Now that jogged my memory -

A while ago I was walking through configuration with an SharePoint guru and he mentioned to me that unintuitively, Intranet zone is actually more "trusted" than Trusted zone. Bizarrely and I can't recall his explanation but for our configuration, we should be using Intranet while Trusted Zone really are only for external sites.

Hope that helps.

I was just thinking that might be the case...

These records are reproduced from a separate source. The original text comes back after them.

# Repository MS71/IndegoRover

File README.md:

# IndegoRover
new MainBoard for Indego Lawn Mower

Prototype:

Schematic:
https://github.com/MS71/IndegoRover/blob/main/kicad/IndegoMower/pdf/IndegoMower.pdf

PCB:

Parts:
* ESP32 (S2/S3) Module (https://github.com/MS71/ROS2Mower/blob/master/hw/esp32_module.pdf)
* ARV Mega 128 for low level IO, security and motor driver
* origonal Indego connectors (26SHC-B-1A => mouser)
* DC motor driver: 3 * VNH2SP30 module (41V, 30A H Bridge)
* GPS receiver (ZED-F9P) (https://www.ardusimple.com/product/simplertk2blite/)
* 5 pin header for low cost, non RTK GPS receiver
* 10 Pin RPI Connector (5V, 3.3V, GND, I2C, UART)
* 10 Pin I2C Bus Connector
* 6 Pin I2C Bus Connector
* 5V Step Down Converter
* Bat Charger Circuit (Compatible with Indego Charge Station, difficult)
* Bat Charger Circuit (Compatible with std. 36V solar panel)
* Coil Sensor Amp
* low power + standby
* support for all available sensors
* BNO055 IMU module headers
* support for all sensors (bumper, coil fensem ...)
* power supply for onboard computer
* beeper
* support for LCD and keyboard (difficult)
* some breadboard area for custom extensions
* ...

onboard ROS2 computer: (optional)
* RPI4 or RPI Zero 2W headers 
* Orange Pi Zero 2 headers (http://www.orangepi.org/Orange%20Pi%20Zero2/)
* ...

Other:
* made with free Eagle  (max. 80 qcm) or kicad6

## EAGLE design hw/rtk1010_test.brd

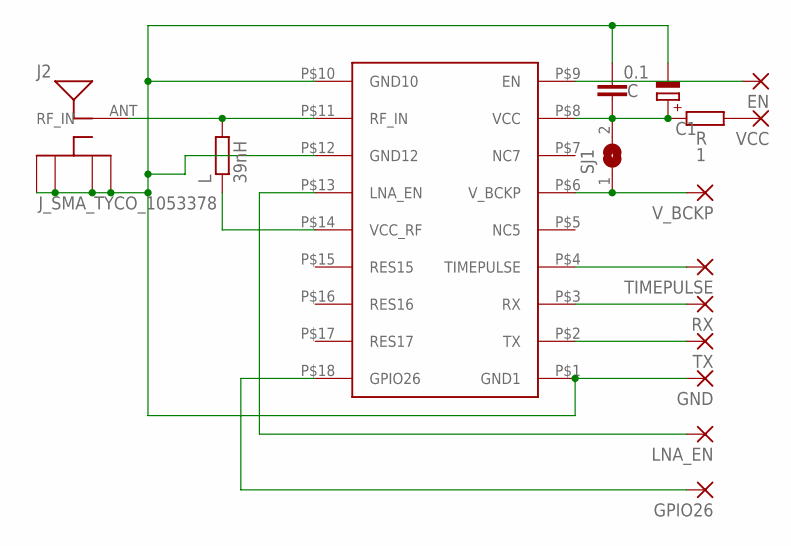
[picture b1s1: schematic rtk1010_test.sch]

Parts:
C: 0.1; C0805
C1: CPOL-EUSMCB; SMC_B
EN: 2,15/1,0
GND: 2,15/1,0
GPIO26: 2,15/1,0
J2: J_SMA_TYCO_1053378; 1053378-1
L: 39nH; R0805
LNA_EN: 2,15/1,0
R: 1; R0805
RX: 2,15/1,0
SJ1: SJW
TIMEPULSE: 2,15/1,0
TX: 2,15/1,0
U$1: RTK-1010
VCC: 2,15/1,0
V_BCKP: 2,15/1,0

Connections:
EN: EN.1, U$1.P$9 (EN)
GND: C.2, C1.-, GND.1, J2.GND_1 (RFGND_1), J2.GND_2 (RFGND_2), J2.GND_3 (RFGND_3), J2.GND_4 (RFGND_4), U$1.P$1 (GND1), U$1.P$10 (GND10), U$1.P$12 (GND12)
GPIO26: GPIO26.1, U$1.P$18 (GPIO26)
LNA_EN: LNA_EN.1, U$1.P$13 (LNA_EN)
unnamed: L.1, U$1.P$14 (VCC_RF)
unnamed: R.2, VCC.1
RF_IN: J2.ANT (RF_IN), L.2, U$1.P$11 (RF_IN)
RX: RX.1, U$1.P$3 (RX)
TIMEPULSE: TIMEPULSE.1, U$1.P$4 (TIMEPULSE)
TX: TX.1, U$1.P$2 (TX)
VCC: C.1, C1.+, R.1, SJ1.2, U$1.P$8 (VCC)
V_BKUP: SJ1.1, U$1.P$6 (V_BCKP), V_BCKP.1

I'm also scrouging around through my old e-mails - we had a similar accessibility issue when we first deployed with IE 6, with people following the instructions to add the site and then having the annoying popups. If I find the e-mail where I told everyone how to get rid of them, that should put the final nail in this.

Rebeccah

OK, now I've got it.

1. The web site hosting the DAP pages should go in the intranet zone, not the trusted zone (in IE 6, it worked fine in the trusted zone).
2. In the intranet zone, click Custom level and make sure the following are checked:
- Miscellaneous | Access data sources across domains: Enable
- User Authentication | Logon: Automatic logon with username and password
3. In the trusted zone, click Custom level to see what values you have. How much you trust computers in the trusted zone determines what values you select. I recommend:
- Miscellaneous | Access data sources across domains: Prompt
- User Authentication | Logon: Automatic logon only in Intranet zone


I suspect if you set the settings in the Trusted zone to enable and automatic logon, it would work fine there, too, but that would defeat the improved security of the settings.

If you set user authentication to "autologon only in intranet zone" in the intranet zone settings, it prompts you for logon (yes/no) just like it does in the other zones. You have to set it to "autologon" in the intranet zone to get it to not bother you with the popup. The options for this setting are kind of misleading.

Rebeccah

Glad you got it solved and thanks for sharing. I know I'll need to tuck that away for my own web applications in other cases. Thanks!